> _WHAT IS EXPECTED_: Copy, exactly and without additions, every line in the records below from the one holding "#51=CARTESIAN_POINT('',(-29.,0.,30.));" through the one holding "#102=ORIENTED_EDGE('',*,*,#101,.T.);", both ends included.

> _Data extracted from a collection_:
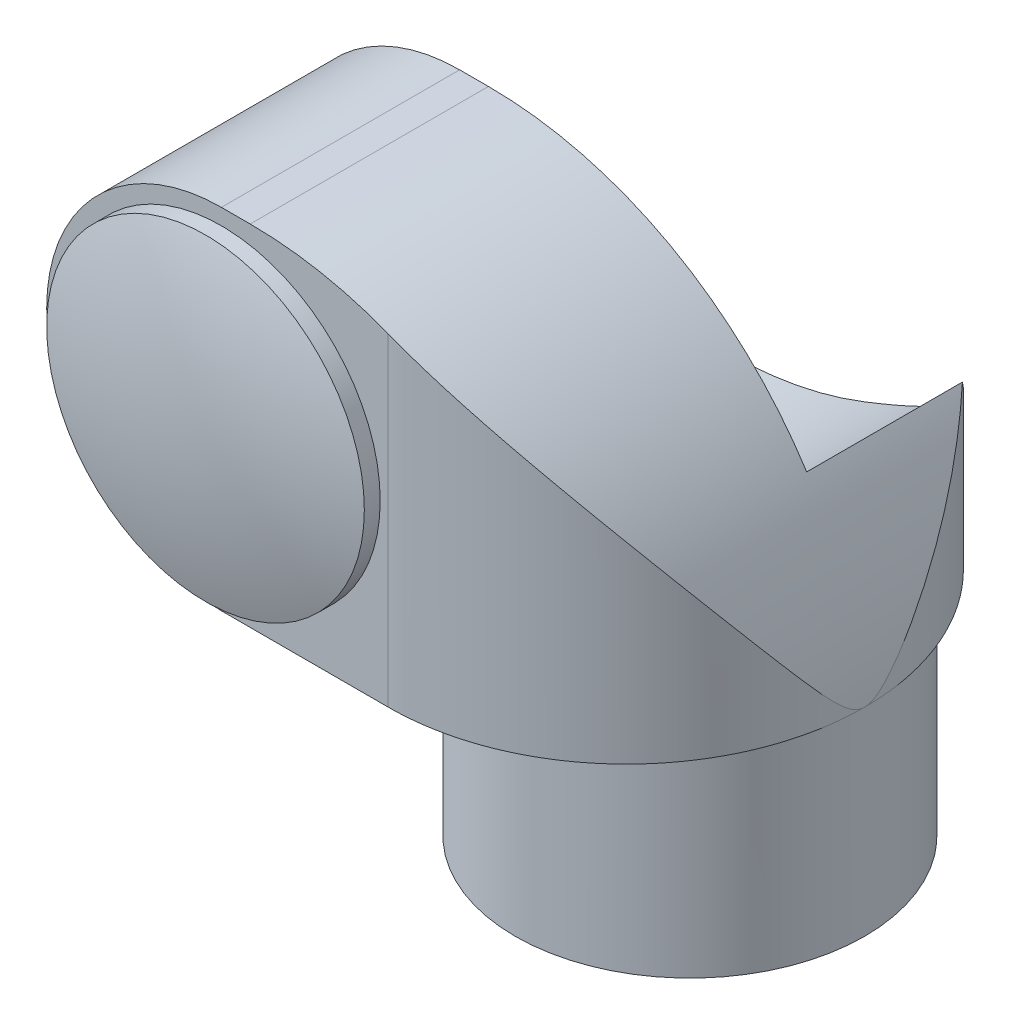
ISO-10303-21;
HEADER;
FILE_DESCRIPTION(('STEP AP214'),'2;1');
FILE_NAME('part.step','',(''),(''),'','','');
FILE_SCHEMA(('AUTOMOTIVE_DESIGN { 1 0 10303 214 1 1 1 1 }'));
ENDSEC;
DATA;
#1=APPLICATION_CONTEXT('core data for automotive mechanical design processes');
#2=APPLICATION_PROTOCOL_DEFINITION('international standard','automotive_design',2000,#1);
#3=PRODUCT_CONTEXT('',#1,'mechanical');
#4=PRODUCT('Part','Part','',(#3));
#5=PRODUCT_RELATED_PRODUCT_CATEGORY('part','',(#4));
#6=PRODUCT_DEFINITION_FORMATION('','',#4);
#7=PRODUCT_DEFINITION_CONTEXT('part definition',#1,'design');
#8=PRODUCT_DEFINITION('design','',#6,#7);
#9=PRODUCT_DEFINITION_SHAPE('','',#8);
#10=(LENGTH_UNIT() NAMED_UNIT(*) SI_UNIT(.MILLI.,.METRE.));
#11=(NAMED_UNIT(*) PLANE_ANGLE_UNIT() SI_UNIT($,.RADIAN.));
#12=(NAMED_UNIT(*) SI_UNIT($,.STERADIAN.) SOLID_ANGLE_UNIT());
#13=UNCERTAINTY_MEASURE_WITH_UNIT(LENGTH_MEASURE(1.E-05),#10,'distance_accuracy_value','');
#14=(GEOMETRIC_REPRESENTATION_CONTEXT(3) GLOBAL_UNCERTAINTY_ASSIGNED_CONTEXT((#13)) GLOBAL_UNIT_ASSIGNED_CONTEXT((#10,
#11,#12)) REPRESENTATION_CONTEXT('',''));
#15=CARTESIAN_POINT('',(0.,0.,0.));
#16=DIRECTION('',(0.,0.,1.));
#17=DIRECTION('',(1.,0.,0.));
#18=AXIS2_PLACEMENT_3D('',#15,#16,#17);
#19=CARTESIAN_POINT('',(-29.,0.,30.));
#20=DIRECTION('',(0.,0.,1.));
#21=DIRECTION('',(1.,0.,0.));
#22=AXIS2_PLACEMENT_3D('',#19,#20,#21);
#23=PLANE('',#22);
#24=DIRECTION('',(0.,1.,0.));
#25=VECTOR('',#24,1.);
#26=CARTESIAN_POINT('',(-8.,-22.,30.));
#27=LINE('',#26,#25);
#28=CARTESIAN_POINT('',(-8.,-22.,30.));
#29=VERTEX_POINT('',#28);
#30=CARTESIAN_POINT('',(-7.99999999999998,18.7097571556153,30.));
#31=VERTEX_POINT('',#30);
#32=EDGE_CURVE('E175',#29,#31,#27,.T.);
#33=ORIENTED_EDGE('',*,*,#32,.T.);
#34=CARTESIAN_POINT('',(-25.370877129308,-25.5,30.));
#35=DIRECTION('',(0.,0.,1.));
#36=DIRECTION('',(-1.,0.,0.));
#37=AXIS2_PLACEMENT_3D('',#34,#35,#36);
#38=CIRCLE('',#37,47.5);
#39=CARTESIAN_POINT('',(-25.370877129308,22.,30.));
#40=VERTEX_POINT('',#39);
#41=EDGE_CURVE('E191',#31,#40,#38,.T.);
#42=ORIENTED_EDGE('',*,*,#41,.T.);
#43=DIRECTION('',(-1.,0.,0.));
#44=VECTOR('',#43,1.);
#45=CARTESIAN_POINT('',(-29.,22.,30.));
#46=LINE('',#45,#44);
#47=CARTESIAN_POINT('',(-29.,22.,30.));
#48=VERTEX_POINT('',#47);
#49=EDGE_CURVE('E118',#40,#48,#46,.T.);
#50=ORIENTED_EDGE('',*,*,#49,.T.);
#51=CARTESIAN_POINT('',(-29.,0.,30.));
#52=DIRECTION('',(0.,0.,1.));
#53=DIRECTION('',(1.,0.,0.));
#54=AXIS2_PLACEMENT_3D('',#51,#52,#53);
#55=CIRCLE('',#54,22.);
#56=CARTESIAN_POINT('',(-29.,-22.,30.));
#57=VERTEX_POINT('',#56);
#58=EDGE_CURVE('E185',#48,#57,#55,.T.);
#59=ORIENTED_EDGE('',*,*,#58,.T.);
#60=DIRECTION('',(1.,0.,0.));
#61=VECTOR('',#60,1.);
#62=CARTESIAN_POINT('',(-29.,-22.,30.));
#63=LINE('',#62,#61);
#64=EDGE_CURVE('E188',#57,#29,#63,.T.);
#65=ORIENTED_EDGE('',*,*,#64,.T.);
#66=EDGE_LOOP('',(#33,#42,#50,#59,#65));
#67=FACE_BOUND('',#66,.T.);
#68=CARTESIAN_POINT('',(-29.,0.,30.));
#69=DIRECTION('',(0.,0.,1.));
#70=DIRECTION('',(1.,0.,0.));
#71=AXIS2_PLACEMENT_3D('',#68,#69,#70);
#72=CIRCLE('',#71,20.);
#73=CARTESIAN_POINT('',(-8.99999999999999,0.,30.));
#74=VERTEX_POINT('',#73);
#75=EDGE_CURVE('E218',#74,#74,#72,.T.);
#76=ORIENTED_EDGE('',*,*,#75,.F.);
#77=EDGE_LOOP('',(#76));
#78=FACE_BOUND('',#77,.T.);
#79=ADVANCED_FACE('F32',(#67,#78),#23,.T.);
#80=CARTESIAN_POINT('',(-29.,-22.,30.));
#81=DIRECTION('',(0.,1.,0.));
#82=DIRECTION('',(-1.,0.,0.));
#83=AXIS2_PLACEMENT_3D('',#80,#81,#82);
#84=PLANE('',#83);
#85=DIRECTION('',(0.,0.,1.));
#86=VECTOR('',#85,1.);
#87=CARTESIAN_POINT('',(-25.370877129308,-22.,-30.));
#88=LINE('',#87,#86);
#89=CARTESIAN_POINT('',(-25.370877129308,-22.,-30.));
#90=VERTEX_POINT('',#89);
#91=CARTESIAN_POINT('',(-25.370877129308,-22.,0.));
#92=VERTEX_POINT('',#91);
#93=EDGE_CURVE('E209',#90,#92,#88,.T.);
#94=ORIENTED_EDGE('',*,*,#93,.F.);
#95=DIRECTION('',(1.,0.,0.));
#96=VECTOR('',#95,1.);
#97=CARTESIAN_POINT('',(-29.,-22.,-30.));
#98=LINE('',#97,#96);
#99=CARTESIAN_POINT('',(-7.99999999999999,-22.,-30.));
#100=VERTEX_POINT('',#99);
#101=EDGE_CURVE('E55',#90,#100,#98,.T.);
#102=ORIENTED_EDGE('',*,*,#101,.T.);
#103=CARTESIAN_POINT('',(-8.,-22.,0.));
#104=DIRECTION('',(0.,-1.,0.));
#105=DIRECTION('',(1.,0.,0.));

> _TASK SOLUTION_:
#51=CARTESIAN_POINT('',(-29.,0.,30.));
#52=DIRECTION('',(0.,0.,1.));
#53=DIRECTION('',(1.,0.,0.));
#54=AXIS2_PLACEMENT_3D('',#51,#52,#53);
#55=CIRCLE('',#54,22.);
#56=CARTESIAN_POINT('',(-29.,-22.,30.));
#57=VERTEX_POINT('',#56);
#58=EDGE_CURVE('E185',#48,#57,#55,.T.);
#59=ORIENTED_EDGE('',*,*,#58,.T.);
#60=DIRECTION('',(1.,0.,0.));
#61=VECTOR('',#60,1.);
#62=CARTESIAN_POINT('',(-29.,-22.,30.));
#63=LINE('',#62,#61);
#64=EDGE_CURVE('E188',#57,#29,#63,.T.);
#65=ORIENTED_EDGE('',*,*,#64,.T.);
#66=EDGE_LOOP('',(#33,#42,#50,#59,#65));
#67=FACE_BOUND('',#66,.T.);
#68=CARTESIAN_POINT('',(-29.,0.,30.));
#69=DIRECTION('',(0.,0.,1.));
#70=DIRECTION('',(1.,0.,0.));
#71=AXIS2_PLACEMENT_3D('',#68,#69,#70);
#72=CIRCLE('',#71,20.);
#73=CARTESIAN_POINT('',(-8.99999999999999,0.,30.));
#74=VERTEX_POINT('',#73);
#75=EDGE_CURVE('E218',#74,#74,#72,.T.);
#76=ORIENTED_EDGE('',*,*,#75,.F.);
#77=EDGE_LOOP('',(#76));
#78=FACE_BOUND('',#77,.T.);
#79=ADVANCED_FACE('F32',(#67,#78),#23,.T.);
#80=CARTESIAN_POINT('',(-29.,-22.,30.));
#81=DIRECTION('',(0.,1.,0.));
#82=DIRECTION('',(-1.,0.,0.));
#83=AXIS2_PLACEMENT_3D('',#80,#81,#82);
#84=PLANE('',#83);
#85=DIRECTION('',(0.,0.,1.));
#86=VECTOR('',#85,1.);
#87=CARTESIAN_POINT('',(-25.370877129308,-22.,-30.));
#88=LINE('',#87,#86);
#89=CARTESIAN_POINT('',(-25.370877129308,-22.,-30.));
#90=VERTEX_POINT('',#89);
#91=CARTESIAN_POINT('',(-25.370877129308,-22.,0.));
#92=VERTEX_POINT('',#91);
#93=EDGE_CURVE('E209',#90,#92,#88,.T.);
#94=ORIENTED_EDGE('',*,*,#93,.F.);
#95=DIRECTION('',(1.,0.,0.));
#96=VECTOR('',#95,1.);
#97=CARTESIAN_POINT('',(-29.,-22.,-30.));
#98=LINE('',#97,#96);
#99=CARTESIAN_POINT('',(-7.99999999999999,-22.,-30.));
#100=VERTEX_POINT('',#99);
#101=EDGE_CURVE('E55',#90,#100,#98,.T.);
#102=ORIENTED_EDGE('',*,*,#101,.T.);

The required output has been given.